Post by Logomachist »

It seems to me that Láadan was doomed for several reasons. It's premise- that existing languages are biased against women- is absurd. Languages are spoken by women as much as they are by men, and women therefore have an equal chance to invent and adapt natural languages. GIven the thousands of natural languages that exist in the world, some are probably because of their history slightly biased against women, and some against men. But it would take some kind of act of God or a universal defect in biology or something to arrange it that every single existing natural language is inevitably skewed against one entire sex, in favor of the other.

But even more importantly... Láadan was doomed to failure simply because of its own demographics. Its premise seemed to be very much grounded in radical feminism, and you either fall in with an extreme feminist ideology, or you don't. And most women don't/didn't, and wouldn't want to be labeled as man-haters. Nor do men; although I could see how it might have attracted some curious males interested in seeming open-minded and supportive of the feminist cause, but again the whole radical feminist premise just about suggests that if men adopted it they would inevitably pollute it with their male-ness and that it would ruin everything. Even if it DID catch on within its target demographic, it's still a niche of a niche of a niche and would have a very difficult time staying alive.

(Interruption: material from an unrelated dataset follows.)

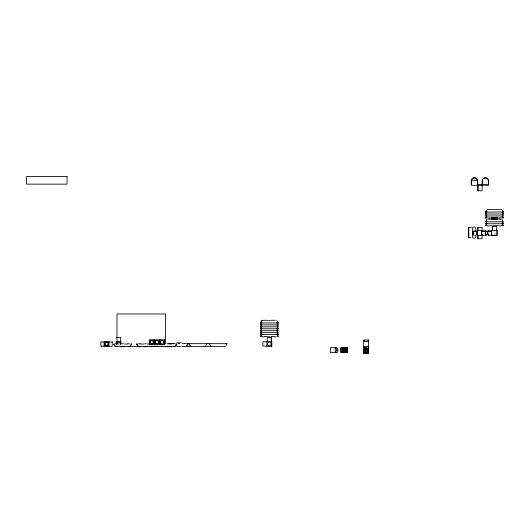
<?xml version="1.0" encoding="UTF-8"?>
<svg xmlns="http://www.w3.org/2000/svg" width="530" height="530" viewBox="0 0 530 530"><rect width="100%" height="100%" fill="white"/><g stroke="black" fill="none" stroke-linecap="round" stroke-linejoin="round"><path stroke-width="0.79" d="M468.752 227.675L468.752 237.493M468.553 227.973L468.553 237.202M471.15 237.665L468.381 237.745L468.354 227.595L471.614 227.317M176.868 344.261L175.344 346.541M486.778 210.436L485.487 212.086L487.216 209.423L501.645 209.423L503.5 211.98L485.566 212.113M486.964 211.53L485.487 214.027L503.427 214.027L502.334 212.093M486.778 212.384L485.566 214.054M486.586 214.04L485.487 215.975L503.427 215.975L502.334 214.04M486.07 215.399L486.778 214.332M486.586 215.988L485.487 217.916L490.515 217.943M486.778 216.273L485.566 217.943M486.964 219.307L485.487 221.805L503.427 221.805L501.95 219.307M486.07 221.229L486.778 220.162M486.586 221.818L485.487 223.753L503.427 223.753L502.334 221.818M486.778 222.11L485.566 223.779M486.964 223.196L485.42 225.594L487.388 225.727M486.778 224.051L485.566 225.727M130.002 346.216L131.659 344.036L130.175 346.541M175.172 346.216L176.894 344.142M186.321 345.891L187.978 343.712L186.494 346.216M205.534 346.216L206.819 343.725M225.634 346.216L226.913 343.725M261.886 320.451L260.402 322.956L278.382 322.956L276.905 320.451M262.058 320.776L260.482 322.982M261.886 322.392L260.402 324.897L278.382 324.897L276.905 322.392M261.701 323.254L260.482 324.923M261.502 324.91L260.402 326.844L278.382 326.844L277.283 324.91M261.701 325.195L260.482 326.871M261.502 326.851L260.402 328.785L278.382 328.785L277.283 326.851M261.701 327.142L260.482 328.812M261.886 328.229L260.402 330.733L278.382 330.733L276.905 328.229M261.701 329.084L260.482 330.76M261.502 330.74L260.402 332.674L278.382 332.674L276.905 330.177M261.701 331.031L260.482 332.701M261.502 332.688L260.402 334.622L278.382 334.622L277.283 332.688M261.701 332.979L260.482 334.649M261.886 334.066L260.336 336.464L261.986 336.59M261.701 334.92L260.482 336.59M153.004 340.962L153.428 340.545M158.192 340.962L158.616 340.545M468.692 228.291L468.692 236.883M498.399 217.943L503.427 217.916L502.334 215.988M501.526 225.727L503.487 225.634L502.334 223.766M114.434 344.01L113.612 344.228L115.162 346.541M138.111 344.01L136.462 344.142L138.012 346.541M277.627 336.59L278.455 336.418L276.905 334.066M483.3 178.782A3.24 3.134 -90 0 1 488.64 181.075L488.64 185.288L471.223 185.288L471.223 181.075A3.24 3.134 -90 0 1 474.357 177.835L474.522 177.835A3.24 3.134 -90 0 1 477.656 181.075L477.656 184.314M482.214 184.314L482.214 181.075A3.24 3.134 -90 0 1 485.348 177.835L485.513 177.835M471.223 180.313L477.484 180.313M471.223 181.075L471.389 181.075A3.24 3.134 -90 0 1 474.522 177.835M474.357 177.835A3.24 3.134 -90 0 1 477.484 181.075L477.656 181.075M482.214 181.075L482.38 181.075A3.24 3.134 -90 0 1 482.485 180.233M485.348 177.835A3.24 3.134 -90 0 1 488.475 181.075L488.64 181.075M477.576 184.314L488.475 184.314L488.475 181.075M491.601 217.684L492.463 217.684M492.814 217.684L493.675 217.684M494.026 217.684L494.894 217.684M495.239 217.684L496.106 217.684M496.451 217.684L497.319 217.684M488.011 219.142L489.223 219.142M489.548 219.142L499.366 219.142M499.691 219.142L500.91 219.142M500.519 219.466L500.903 219.466M490.005 225.727L491.595 225.727M493.874 225.727L495.623 225.727M496.762 225.727L498.916 225.727M487.766 225.952L489.468 225.952M492.039 225.952L493.748 225.952M496.246 225.952L496.875 225.952M499.445 225.952L501.155 225.952M482.909 230.649L476.954 230.649L476.954 235.512L482.909 235.512M481.969 230.928L485.884 230.928M488.269 230.928L491.396 230.928M473.674 231.252L477.583 231.252M481.969 231.252L491.396 231.252M492.701 235.188L496.358 235.188M481.969 235.234L485.884 235.234M488.269 235.234L492.178 235.234M263.403 320.286L267.988 320.286M270.797 320.286L275.381 320.286M262.217 320.61L262.781 320.61M268.763 320.61L270.022 320.61M264.444 336.59L267.657 336.59M271.135 336.59L274.341 336.59M262.496 336.815L264.198 336.815M268.538 336.815L270.247 336.815M274.586 336.815L276.296 336.815M116.361 337.464L120.674 337.464L120.674 341.519M368.535 340.545L368.052 340.545L368.052 340.061M363.673 341.519L368.535 341.519M266.961 341.79L262.913 341.79L262.913 346.103L266.961 346.103M101.362 342.002L104.47 342.002M108.71 342.002L112.188 342.002M104.841 342.327L107.934 342.327M176.828 342.817L181.141 342.817M172.084 343.46L173.794 343.46M178.133 343.46L179.842 343.46M184.182 343.46L185.891 343.46M168.249 343.685L171.462 343.685M182.161 343.685L183.936 343.685M186.726 343.685L227.072 343.698M115.765 343.784L117.474 343.784M121.814 343.784L123.523 343.784M127.862 343.784L129.572 343.784M138.615 343.784L140.324 343.784M144.663 343.784L146.373 343.784M150.712 343.784L152.421 343.784M166.983 343.784L168.692 343.784M173.032 343.784L174.734 343.784M117.72 344.01L119.257 344.01M124.404 344.01L127.617 344.01M130.903 344.01L131.579 344.01M140.569 344.01L143.782 344.01M147.261 344.01L148.93 344.01M169.573 344.01L171.243 344.01M175.244 344.01L176.748 344.01M160.252 344.361L163.916 344.361M115.765 346.382L165.612 346.382M166.003 346.382L169.666 346.382M170.508 346.382L171.74 346.382M172.329 346.382L174.734 346.382M174.986 346.382L176.232 346.382M177.152 346.382L180.816 346.382M181.81 346.382L183.029 346.382M183.546 346.382L203.123 346.382M203.467 346.382L223.044 346.382M223.561 346.382L224.78 346.382M363.673 346.382L368.535 346.382M363.673 346.62L364.163 346.62M368.052 346.62L368.535 346.62M116.01 346.706L117.229 346.706M120.833 346.706L124.497 346.706M128.108 346.706L129.327 346.706M138.86 346.706L140.079 346.706M143.69 346.706L147.353 346.706M150.957 346.706L152.176 346.706M161.18 346.706L162.399 346.706M166.003 346.706L169.666 346.706M170.594 346.706L171.839 346.706M173.277 346.706L174.489 346.706M336.769 352.536A3.041 3.041 0 0 0 336.769 347.673L330.369 347.673L330.369 352.536L336.769 352.536L336.769 352.052L335.232 352.052M363.984 347.567A3.041 3.041 0 0 0 363.673 347.918L364.163 347.918L364.163 346.382M368.224 347.567A3.041 3.041 0 0 1 368.535 347.918L368.052 347.918L368.052 346.382M335.232 348.164L336.769 348.164L336.769 347.673M343.255 348.164L347.302 348.164M343.255 349.012L347.302 349.012M363.673 349.137L368.535 349.137M343.255 349.502L347.302 349.502M363.673 349.462L368.535 349.462M343.255 350.714L347.302 350.714M343.255 351.204L347.302 351.204M343.255 352.052L347.302 352.052M363.673 352.702L364.163 352.702M365.011 352.702L365.495 352.702M366.714 352.702L367.197 352.702M368.052 352.702L368.535 352.702M503.308 212.106L502.135 210.436M503.308 214.054L502.135 212.384M503.308 217.943L502.135 216.273M503.308 223.779L502.135 222.11M503.308 225.72L502.135 224.051M278.303 322.982L277.442 321.842M278.303 328.812L277.442 327.673M278.303 334.649L277.442 333.509M136.607 344.01L138.184 346.216M113.758 344.01L115.335 346.216M155.191 340.545L155.608 340.962M277.084 323.254L277.799 324.32M277.084 325.195L277.799 326.261M277.084 329.084L277.799 330.15M277.084 331.031L277.799 332.098M277.084 334.92L277.799 335.987M210.788 345.891L209.131 343.718L210.615 346.216M190.694 345.891L189.038 343.718L190.515 346.216M497.63 217.532L497.63 219.102M497.544 217.532L497.544 219.102M497.233 218.128L497.233 218.943M496.537 218.128L496.537 218.943M496.617 230.649L496.617 226.602L492.304 226.602L492.304 230.649M496.246 230.649L496.246 235.512M496.02 218.128L496.02 218.943M495.325 218.128L495.325 218.943M494.808 218.128L494.808 218.943M494.106 218.128L494.106 218.943M493.596 218.128L493.596 218.943M492.893 218.128L492.893 218.943M492.628 226.602L492.628 230.649M492.383 218.128L492.383 218.943M491.681 218.128L491.681 218.943M491.37 217.532L491.37 219.102M491.283 217.532L491.283 219.102M482.38 181.075L482.38 184.586M482.075 185.129L482.075 190.8L477.762 190.8L477.762 185.129M482.075 230.649L482.075 227.41L477.762 227.41L477.762 230.649M482.075 235.512L482.075 238.752L477.762 238.752L477.762 235.512M481.651 230.649L481.651 235.512M478.087 185.129L478.087 190.8M478.087 227.41L478.087 230.649M478.087 235.512L478.087 238.752M477.484 181.075L477.484 185.288M475.39 230.954C476.689 228.483 474.946 225.482 472.581 227.688L472.581 237.486C473.767 239.295 477.139 237.573 475.39 235.035M471.389 181.075L471.389 184.314M368.052 349.462L368.052 353.51M367.197 349.462L367.197 353.51M366.714 349.462L366.714 353.51M365.495 349.462L365.495 353.51M365.011 349.462L365.011 353.51M364.163 340.061L364.163 340.545M364.163 349.462L364.163 353.51M346.494 347.673L346.494 348.164M346.494 349.012L346.494 349.502M346.494 350.714L346.494 351.204M346.494 352.052L346.494 352.536M343.255 347.673L343.255 352.536M342.93 347.673L342.93 352.536M342.691 347.673L342.691 352.536M342.208 347.673L342.208 348.164M342.208 352.052L342.208 352.536M341.234 347.673L341.234 352.536M335.477 347.673L335.477 348.164M335.477 352.052L335.477 352.536M335.232 347.673L335.232 352.536M271.499 346.382L271.552 337.464L267.239 337.464L267.239 341.519M271.227 337.464L271.227 341.519M165.612 343.95L165.612 313.965L116.997 313.965L116.997 343.95M164.194 340.426L164.194 344.089M159.98 339.823L159.98 344.685M158.768 346.382L153.303 346.382M120.953 343.95L120.953 341.519L116.09 341.519L116.09 343.95M120.628 342.115L120.628 344.169A2.153 2.153 0 0 0 120.535 343.182M116.414 341.519L116.414 343.95M112.201 341.79L112.201 346.382L101.362 346.057L101.455 346.382M108.961 346.382L108.961 341.519L104.099 341.519L104.099 346.382M100.852 341.79L100.852 346.103M341.717 352.536A3.041 3.041 0 0 1 341.36 352.231M341.062 351.867A3.041 3.041 0 0 1 341.062 348.349M341.36 347.985A3.041 3.041 0 0 1 341.717 347.673M368.535 347.918A3.041 3.041 0 0 1 363.673 347.918M477.782 235.095A2.153 0.556 -90 0 1 477.384 235.095M477.265 234.856A2.153 0.556 -90 0 1 477.265 231.305M477.272 234.452A1.828 0.477 -90 0 1 477.166 233.929M477.139 233.73A1.828 0.477 -90 0 1 477.126 232.644M477.139 232.431A1.828 0.477 -90 0 1 477.166 232.233M477.232 231.868A1.828 0.477 -90 0 1 477.272 231.709M482.167 235.095A2.153 0.556 -90 0 1 481.77 235.095M481.71 234.989A2.153 0.556 -90 0 1 481.512 234.306M481.425 233.597A2.153 0.556 -90 0 1 481.425 232.564M481.512 231.855A2.153 0.556 -90 0 1 481.77 231.067M486.301 234.512A2.153 0.556 -90 0 1 485.526 234.75A2.153 0.556 -90 0 1 485.434 231.789A2.153 0.556 -90 0 1 486.202 231.305M486.149 234.591A1.828 0.477 -90 0 1 485.414 233.299A1.828 0.477 -90 0 1 486.05 231.371M482.115 231.371A1.828 0.477 -90 0 1 482.452 231.371M482.552 234.591A1.828 0.477 -90 0 1 482.015 234.591M482.373 234.545A1.504 0.391 -90 0 1 482.187 234.545M474.251 235.035A2.206 0.57 -90 0 1 473.528 234.406A2.206 0.57 -90 0 1 473.575 231.55A2.206 0.57 -90 0 1 474.31 231.265M488.468 235.095A2.153 0.556 -90 0 1 487.713 232.822A2.153 0.556 -90 0 1 488.587 231.305M487.998 231.577A1.828 0.477 -90 0 1 488.435 231.371M488.382 234.856A1.828 0.477 -90 0 1 487.998 234.591M487.878 234.121A1.828 0.477 -90 0 1 487.878 232.041M492.377 235.095A2.153 0.556 -90 0 1 491.986 235.095M491.641 233.597A2.153 0.556 -90 0 1 491.641 232.564M116.699 344.169A1.828 1.828 0 0 1 118.521 342.115A1.828 1.828 0 0 1 120.336 344.169M104.708 343.731C108.299 351.284 110.001 337.252 104.708 343.731M149.897 342.035C153.488 349.595 155.191 335.556 149.897 342.035M155.085 342.035C158.675 349.595 160.378 335.556 155.085 342.035M336.265 349.972C336.908 351.98 337.829 348.555 336.265 349.972M365.594 347.786C366.243 349.793 367.158 346.362 365.594 347.786M67.018 176.49L26.5 176.49L26.5 184.135L67.018 184.135L67.018 176.49M492.463 218.128L491.601 218.128L491.601 218.943L492.463 218.943L492.463 218.128M493.675 218.128L492.814 218.128L492.814 218.943L493.675 218.943L493.675 218.128M494.894 218.128L494.026 218.128L494.026 218.943L494.894 218.943L494.894 218.128M496.106 218.128L495.239 218.128L495.239 218.943L496.106 218.943L496.106 218.128M497.319 218.128L496.451 218.128L496.451 218.943L497.319 218.943L497.319 218.128M497.504 230.649L491.555 230.649L491.555 235.512L497.504 235.512L497.504 230.649M154.144 339.823L149.281 339.823L149.281 344.685L154.144 344.685L154.144 339.823M159.331 339.823L154.469 339.823L154.469 344.685L159.331 344.685L159.331 339.823M164.519 339.823L159.656 339.823L159.656 344.685L164.519 344.685L164.519 339.823M368.535 340.061L363.673 340.061L363.673 353.51L368.535 353.51L368.535 340.061M271.824 341.519L266.961 341.519L266.961 346.382L271.824 346.382L271.824 341.519M347.302 347.673L340.75 347.673L340.75 352.536L347.302 352.536L347.302 347.673M268.293 345.414A1.828 1.828 0 0 0 271.214 344.169A1.828 1.828 0 0 0 268.677 342.267A1.828 1.828 0 0 0 268.293 345.414M473.303 231.464A2.153 0.556 -90 0 0 473.409 234.989A2.206 0.57 -90 0 1 473.29 231.431M105.45 345.818A2.153 2.153 0 0 0 108.683 343.95A2.153 2.153 0 0 0 105.45 342.082A2.153 2.153 0 0 0 105.45 345.818M105.609 345.533A1.828 1.828 0 0 0 108.358 343.95A1.828 1.828 0 0 0 105.609 342.36A1.828 1.828 0 0 0 105.609 345.533M150.613 343.718A1.828 1.828 0 0 0 153.534 342.479A1.828 1.828 0 0 0 150.997 340.571A1.828 1.828 0 0 0 150.613 343.718M155.8 343.718A1.828 1.828 0 0 0 158.715 342.479A1.828 1.828 0 0 0 156.184 340.571A1.828 1.828 0 0 0 155.8 343.718M160.987 343.718A1.828 1.828 0 0 0 163.903 342.479A1.828 1.828 0 0 0 161.365 340.571A1.828 1.828 0 0 0 160.987 343.718"/></g></svg>

It's best chance would have been, say, if liberal colleges with a strong woman's studies department got the linguistics department to add the language as an elective course, and then it snowballed from there. But even if you got them to do that- how many students do you think wold take the made up language when they could just as well take one of the natural languages that people actually spoke? Well, a lot if the Láadan course was easier. :) But it didn't happen as far as I know, and now it never will.

IMHO it was a product of its time, when Feminism carried enough sway that universities would accept this kind of abstract (otherwise unproductive) experimentation in the name of equality and women's lib. I think Lobjam stole some ideas from Láadan... hopefully they stole the best parts and have integrated them into a language not dependent on a language department buying into politically correct assumptions.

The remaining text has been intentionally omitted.